Stephen King voulait
faire un roman de science-fiction, sur la densité du temps perdu et retrouvé,
pas un roman de politique-fiction. L’aspect moral du livre se contorsionne et
se perd dans le bon sens pratique bonhomme qu’éprouve d’ordinaire l’Américain
moyen: comment faire pour améliorer les choses ? C'est à ce sens racorni
que s'est borné King, en négligeant du reste l'autre versant de l'âme
américaine, l'idéalisme.
(1) Stéphane Roy pour les puristes?
(2) Un écrivain n'est pas tenu de chercher
et relater la vérité, certes...
(3) Certes, encore une fois, King expose ses raisons on pourrait presque dire de bonne fois, dans la postface. Le problème, c'est qu'elles sont nulles, superficielles, purement conformistes. Ruby aurait tué Oswald le dimanche 24 au matin uniquement parce qu'il se trouvait à côté du commissariat, envoyant de l'argent à l'une de ses danseuses. Tout serait dû finalement à un "effet papillon" ou simplement au hasard. De la même manière, il note lui-même que W. Manchester ne donna aucune raison sérieuse à l'agissement meurtrier supposé d'Oswald. Les deux abolissent la volonté des personnages, ils sont le jouet de forces inconscientes (façon de parler d'un complot qui se fait tout seul, comme la commission de la Chambre des Représentants en 1978).
(4) King, autant que Manchester charge la barque d'Oswald: "ce hargneux petit fils de pute" est un raté, un louseur, un mari violent, "un homme déjà obsédé par la célébrité et mentalement instable", bien que rien n'indique qu'il ait désiré la célébrité, qu'au contraire, c'était un discret, un taiseux, il "avait le profil type d'une recrue des Services secrets: issu d'une famille de militaires, il était en plus discret et silencieux de nature, et d'une intelligence au-dessus de la moyenne." (Garrison) Manchester et King s'en tiennent, eux, à des présupposés bien minces.
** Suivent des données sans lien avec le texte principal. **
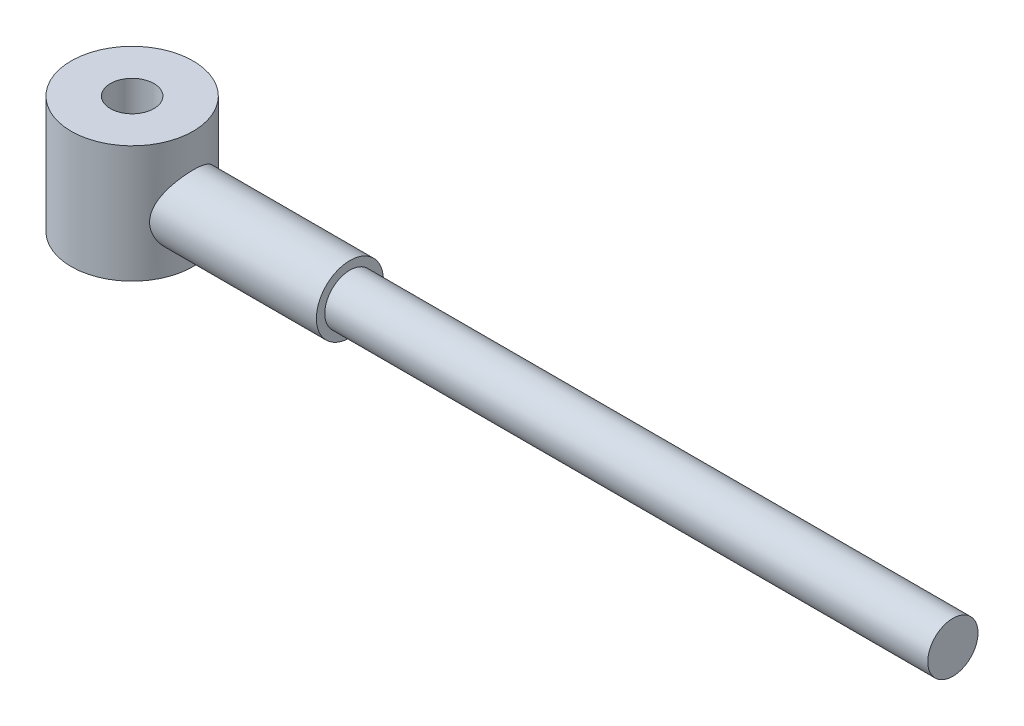
ISO-10303-21;
HEADER;
FILE_DESCRIPTION(('STEP AP214'),'2;1');
FILE_NAME('part.step','',(''),(''),'','','');
FILE_SCHEMA(('AUTOMOTIVE_DESIGN { 1 0 10303 214 1 1 1 1 }'));
ENDSEC;
DATA;
#1=APPLICATION_CONTEXT('core data for automotive mechanical design processes');
#2=APPLICATION_PROTOCOL_DEFINITION('international standard','automotive_design',2000,#1);
#3=PRODUCT_CONTEXT('',#1,'mechanical');
#4=PRODUCT('Part','Part','',(#3));
#5=PRODUCT_RELATED_PRODUCT_CATEGORY('part','',(#4));
#6=PRODUCT_DEFINITION_FORMATION('','',#4);
#7=PRODUCT_DEFINITION_CONTEXT('part definition',#1,'design');
#8=PRODUCT_DEFINITION('design','',#6,#7);
#9=PRODUCT_DEFINITION_SHAPE('','',#8);
#10=(LENGTH_UNIT() NAMED_UNIT(*) SI_UNIT(.MILLI.,.METRE.));
#11=(NAMED_UNIT(*) PLANE_ANGLE_UNIT() SI_UNIT($,.RADIAN.));
#12=(NAMED_UNIT(*) SI_UNIT($,.STERADIAN.) SOLID_ANGLE_UNIT());
#13=UNCERTAINTY_MEASURE_WITH_UNIT(LENGTH_MEASURE(1.E-05),#10,'distance_accuracy_value','');
#14=(GEOMETRIC_REPRESENTATION_CONTEXT(3) GLOBAL_UNCERTAINTY_ASSIGNED_CONTEXT((#13)) GLOBAL_UNIT_ASSIGNED_CONTEXT((#10,
#11,#12)) REPRESENTATION_CONTEXT('',''));
#15=CARTESIAN_POINT('',(0.,0.,0.));
#16=DIRECTION('',(0.,0.,1.));
#17=DIRECTION('',(1.,0.,0.));
#18=AXIS2_PLACEMENT_3D('',#15,#16,#17);
#19=CARTESIAN_POINT('',(0.,0.,0.));
#20=DIRECTION('',(1.,0.,0.));
#21=DIRECTION('',(0.,1.,0.));
#22=AXIS2_PLACEMENT_3D('',#19,#20,#21);
#23=CYLINDRICAL_SURFACE('',#22,10.);
#24=CARTESIAN_POINT('',(-46.8,9.99999999999999,0.));
#25=CARTESIAN_POINT('',(-46.7999976445304,10.0000026664577,-0.259749201461816));
#26=CARTESIAN_POINT('',(-46.8055714424928,9.98987027627847,-0.519467146701257));
#27=CARTESIAN_POINT('',(-46.8277189461475,9.94947695379456,-1.03694926063493));
#28=CARTESIAN_POINT('',(-46.8442959140465,9.91921005202796,-1.29471282696739));
#29=CARTESIAN_POINT('',(-46.8880558936946,9.83888462810039,-1.80652801117559));
#30=CARTESIAN_POINT('',(-46.9152515833443,9.78880244713287,-2.06057481397558));
#31=CARTESIAN_POINT('',(-46.9795646834679,9.66946809285771,-2.56281221205247));
#32=CARTESIAN_POINT('',(-47.0166814689057,9.60021712718723,-2.81100317517979));
#33=CARTESIAN_POINT('',(-47.0997710848369,9.44365268514974,-3.29890874325774));
#34=CARTESIAN_POINT('',(-47.1457063768965,9.35641565902542,-3.53865435320174));
#35=CARTESIAN_POINT('',(-47.2454855362314,9.16457819572049,-4.00937761762963));
#36=CARTESIAN_POINT('',(-47.299329500617,9.05997754533049,-4.24035516440696));
#37=CARTESIAN_POINT('',(-47.4137418923355,8.83436040018634,-4.69231909884569));
#38=CARTESIAN_POINT('',(-47.4743085904093,8.71334812515336,-4.91330803534678));
#39=CARTESIAN_POINT('',(-47.6009435549553,8.45575239614727,-5.34446888294257));
#40=CARTESIAN_POINT('',(-47.6670139960026,8.31916277949387,-5.55463646485197));
#41=CARTESIAN_POINT('',(-47.8079817642267,8.0214612486673,-5.97724539810796));
#42=CARTESIAN_POINT('',(-47.8831737185992,7.85931058739799,-6.18885688055357));
#43=CARTESIAN_POINT('',(-48.0366210841531,7.51925847107143,-6.59783986706639));
#44=CARTESIAN_POINT('',(-48.1148767121055,7.34135590035633,-6.79521036068979));
#45=CARTESIAN_POINT('',(-48.2727552672233,6.97057212799422,-7.1750693845058));
#46=CARTESIAN_POINT('',(-48.3523791966188,6.77767954771595,-7.35754638961537));
#47=CARTESIAN_POINT('',(-48.5111186323906,6.37784309972755,-7.70672338617213));
#48=CARTESIAN_POINT('',(-48.5902340317476,6.17089637391044,-7.87342015188696));
#49=CARTESIAN_POINT('',(-48.7537194777807,5.72270512590638,-8.20585004222555));
#50=CARTESIAN_POINT('',(-48.8378381245203,5.48009099014076,-8.36986638346831));
#51=CARTESIAN_POINT('',(-49.0004424965984,4.98012857869002,-8.67665251602389));
#52=CARTESIAN_POINT('',(-49.0789306055638,4.72278662181022,-8.81943132582329));
#53=CARTESIAN_POINT('',(-49.2275327268639,4.19462704594634,-9.08251643121334));
#54=CARTESIAN_POINT('',(-49.2976495316276,3.92381396348948,-9.20283022808808));
#55=CARTESIAN_POINT('',(-49.4267473269758,3.37024881867773,-9.41964673226206));
#56=CARTESIAN_POINT('',(-49.4857297828861,3.0874983333354,-9.51615257329932));
#57=CARTESIAN_POINT('',(-49.5866316017911,2.53025479365127,-9.67866982155768));
#58=CARTESIAN_POINT('',(-49.6293918855677,2.25636389224279,-9.74621943646107));
#59=CARTESIAN_POINT('',(-49.7009294056116,1.70206914294288,-9.85813742391581));
#60=CARTESIAN_POINT('',(-49.7297073695419,1.42166563477415,-9.90250700280335));
#61=CARTESIAN_POINT('',(-49.7718724453391,0.85728893685567,-9.96722792713234));
#62=CARTESIAN_POINT('',(-49.7852783583605,0.573320538119637,-9.98760861357278));
#63=CARTESIAN_POINT('',(-49.7960801111872,0.00439259477647106,-10.0040458338244));
#64=CARTESIAN_POINT('',(-49.7934781323668,-0.280566809498701,-10.0001056818038));
#65=CARTESIAN_POINT('',(-49.7740195342029,-0.805264579697081,-9.97044328900044));
#66=CARTESIAN_POINT('',(-49.7593912893735,-1.04528856435393,-9.94812533100418));
#67=CARTESIAN_POINT('',(-49.7192710687112,-1.5222104924452,-9.88638874404561));
#68=CARTESIAN_POINT('',(-49.6937789738555,-1.75910840160151,-9.84696992772895));
#69=CARTESIAN_POINT('',(-49.6327916814446,-2.22828019047358,-9.7515180810028));
#70=CARTESIAN_POINT('',(-49.5972933732113,-2.46055260816231,-9.69547988376641));
#71=CARTESIAN_POINT('',(-49.5174273310626,-2.9190828045335,-9.5674254741469));
#72=CARTESIAN_POINT('',(-49.4730590434646,-3.14534020674675,-9.49540826428968));
#73=CARTESIAN_POINT('',(-49.375717942792,-3.59548444517537,-9.33439014974731));
#74=CARTESIAN_POINT('',(-49.3225819621494,-3.81921810072467,-9.24506012310716));
#75=CARTESIAN_POINT('',(-49.2098616757864,-4.25834981421519,-9.0511934989006));
#76=CARTESIAN_POINT('',(-49.1502752454013,-4.47374509373235,-8.9466518869796));
#77=CARTESIAN_POINT('',(-48.964082893575,-5.10616506285507,-8.61131420433978));
#78=CARTESIAN_POINT('',(-48.8299983663132,-5.50962404323545,-8.35873296057125));
#79=CARTESIAN_POINT('',(-48.5317069896457,-6.33527105014842,-7.75660179555172));
#80=CARTESIAN_POINT('',(-48.3660810384588,-6.75040928183944,-7.39804629811283));
#81=CARTESIAN_POINT('',(-48.121716747693,-7.32574186183749,-6.81238704613773));
#82=CARTESIAN_POINT('',(-48.0408752622752,-7.50975746680749,-6.60900634475167));
#83=CARTESIAN_POINT('',(-47.8824470185779,-7.86099281918592,-6.18708820374521));
#84=CARTESIAN_POINT('',(-47.8048590082489,-8.02821906291347,-5.96855668220486));
#85=CARTESIAN_POINT('',(-47.6497396100973,-8.35545709450269,-5.50207974156142));
#86=CARTESIAN_POINT('',(-47.5725625738248,-8.51422841839825,-5.25314456127933));
#87=CARTESIAN_POINT('',(-47.4261626374587,-8.81001000167863,-4.74039150772315));
#88=CARTESIAN_POINT('',(-47.3569402456507,-8.94701887070059,-4.47657268501878));
#89=CARTESIAN_POINT('',(-47.2285206313676,-9.19766578467125,-3.93594292356691));
#90=CARTESIAN_POINT('',(-47.1693159373581,-9.31132126104574,-3.65914186596309));
#91=CARTESIAN_POINT('',(-47.0626941080966,-9.5139039802431,-3.09444196967732));
#92=CARTESIAN_POINT('',(-47.0152752997396,-9.60283473315999,-2.80654471290366));
#93=CARTESIAN_POINT('',(-46.9375483803022,-9.74759054077012,-2.24932589868357));
#94=CARTESIAN_POINT('',(-46.9060588290335,-9.80572580399696,-1.98076796663275));
#95=CARTESIAN_POINT('',(-46.8549096351595,-9.89979135877683,-1.43867546030843));
#96=CARTESIAN_POINT('',(-46.8352492818048,-9.93572298442386,-1.1651411860527));
#97=CARTESIAN_POINT('',(-46.8083339009524,-9.98484537493409,-0.615576721942835));
#98=CARTESIAN_POINT('',(-46.8010722659676,-9.99804825236307,-0.339547940352454));
#99=CARTESIAN_POINT('',(-46.7991487881323,-10.0015494263374,0.212690965974505));
#100=CARTESIAN_POINT('',(-46.8044861333318,-9.99184919888904,0.488901077878266));
#101=CARTESIAN_POINT('',(-46.8264674542402,-9.95175987349973,1.01215777646485));
#102=CARTESIAN_POINT('',(-46.8419565307968,-9.92348338013197,1.25941854960394));
#103=CARTESIAN_POINT('',(-46.8826889781624,-9.8487533029141,1.75034166523517));
#104=CARTESIAN_POINT('',(-46.9079315581582,-9.80230119273764,1.99400429780177));
#105=CARTESIAN_POINT('',(-46.9675925032082,-9.69174307292365,2.47614538380151));
#106=CARTESIAN_POINT('',(-47.0020113252748,-9.62763618400448,2.71462357838957));
#107=CARTESIAN_POINT('',(-47.0792603952803,-9.48244077063338,3.18494918485616));
#108=CARTESIAN_POINT('',(-47.1220910111764,-9.4013515033109,3.41679630616318));
#109=CARTESIAN_POINT('',(-47.2162974483943,-9.22096147931807,3.87768712426903));
#110=CARTESIAN_POINT('',(-47.2678424865672,-9.12129502368847,4.10655309262159));
#111=CARTESIAN_POINT('',(-47.3776868240902,-8.90586775093312,4.55493652143122));
#112=CARTESIAN_POINT('',(-47.4359885133485,-8.79010123611032,4.77445063624879));
#113=CARTESIAN_POINT('',(-47.6192573057134,-8.41999890249258,5.41737845162418));
#114=CARTESIAN_POINT('',(-47.7526446058378,-8.14275517564362,5.82544358922501));
#115=CARTESIAN_POINT('',(-48.0472275746386,-7.49980431787271,6.63703478988239));
#116=CARTESIAN_POINT('',(-48.2098649596132,-7.12767205946023,7.03495195825818));
#117=CARTESIAN_POINT('',(-48.4536053188156,-6.52509535629003,7.58268004940254));
#118=CARTESIAN_POINT('',(-48.5348858882879,-6.31664185568347,7.75719354495606));
#119=CARTESIAN_POINT('',(-48.6953838196829,-5.88562118912826,8.08909234708366));
#120=CARTESIAN_POINT('',(-48.7746008279931,-5.66305162640089,8.24647473256293));
#121=CARTESIAN_POINT('',(-48.9348153960015,-5.18692904138234,8.55466725424914));
#122=CARTESIAN_POINT('',(-49.0154724302865,-4.93231253353395,8.70401474210429));
#123=CARTESIAN_POINT('',(-49.1690787672594,-4.40914252096716,8.98036303894749));
#124=CARTESIAN_POINT('',(-49.2420317418604,-4.1405957475454,9.10737451311823));
#125=CARTESIAN_POINT('',(-49.3773866023847,-3.59121549725667,9.33765449128067));
#126=CARTESIAN_POINT('',(-49.4397981077709,-3.31039351981264,9.44094467309543));
#127=CARTESIAN_POINT('',(-49.5514014468924,-2.73821831034358,9.62248353241242));
#128=CARTESIAN_POINT('',(-49.6005957493915,-2.4468670565706,9.70073688691869));
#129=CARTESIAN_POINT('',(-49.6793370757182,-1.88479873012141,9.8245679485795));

(5) W. Manchester ne s'y trompe pas, cette fois: le russe d'Oswald était même meilleur que celui de Ruth Paine; c'est "la seule chose qu'il avait réussi à faire - apprendre le russe..." Le but de Paine toutefois était de séparer Oswald de sa femme, afin de l'isoler, le plonger dans l'inquiétude, le tourment, en faire la proie du complot en préparation. Manchester décrit la scène mais ne la comprend pas: "A la fin de septembre, Ruth alla chercher en voiture Marina et la petite June et les ramena au Texas. Le foyer de Lee Oswald était définitivement brisé. Il n'avait jamais possédé grand-chose; maintenant, il n'avait plus rien. Ce fut pour lui un moment critique et Ruth remarqua qu'il avait "l'air très sombre"...
(6) Sans aucune base réaliste et tout bon sens envolé, King va jusqu'à faire de de Mohrenschildt un héraut anti-raciste et anti-fasciste qui appelle fraternellement Oswald "camarade"! Bien que collant aux conclusions de la commission Warren, Manchester s'était démarqué des présupposés anti-communistes qui avaient grandement alimenté la presse, en faisant d'Oswald un être flasque, sans conviction arrêtée. King replonge carrément dans l'air et l'ire anti-communiste de l'époque et façonne à nouveau un Oswald aux convictions communistes sincères.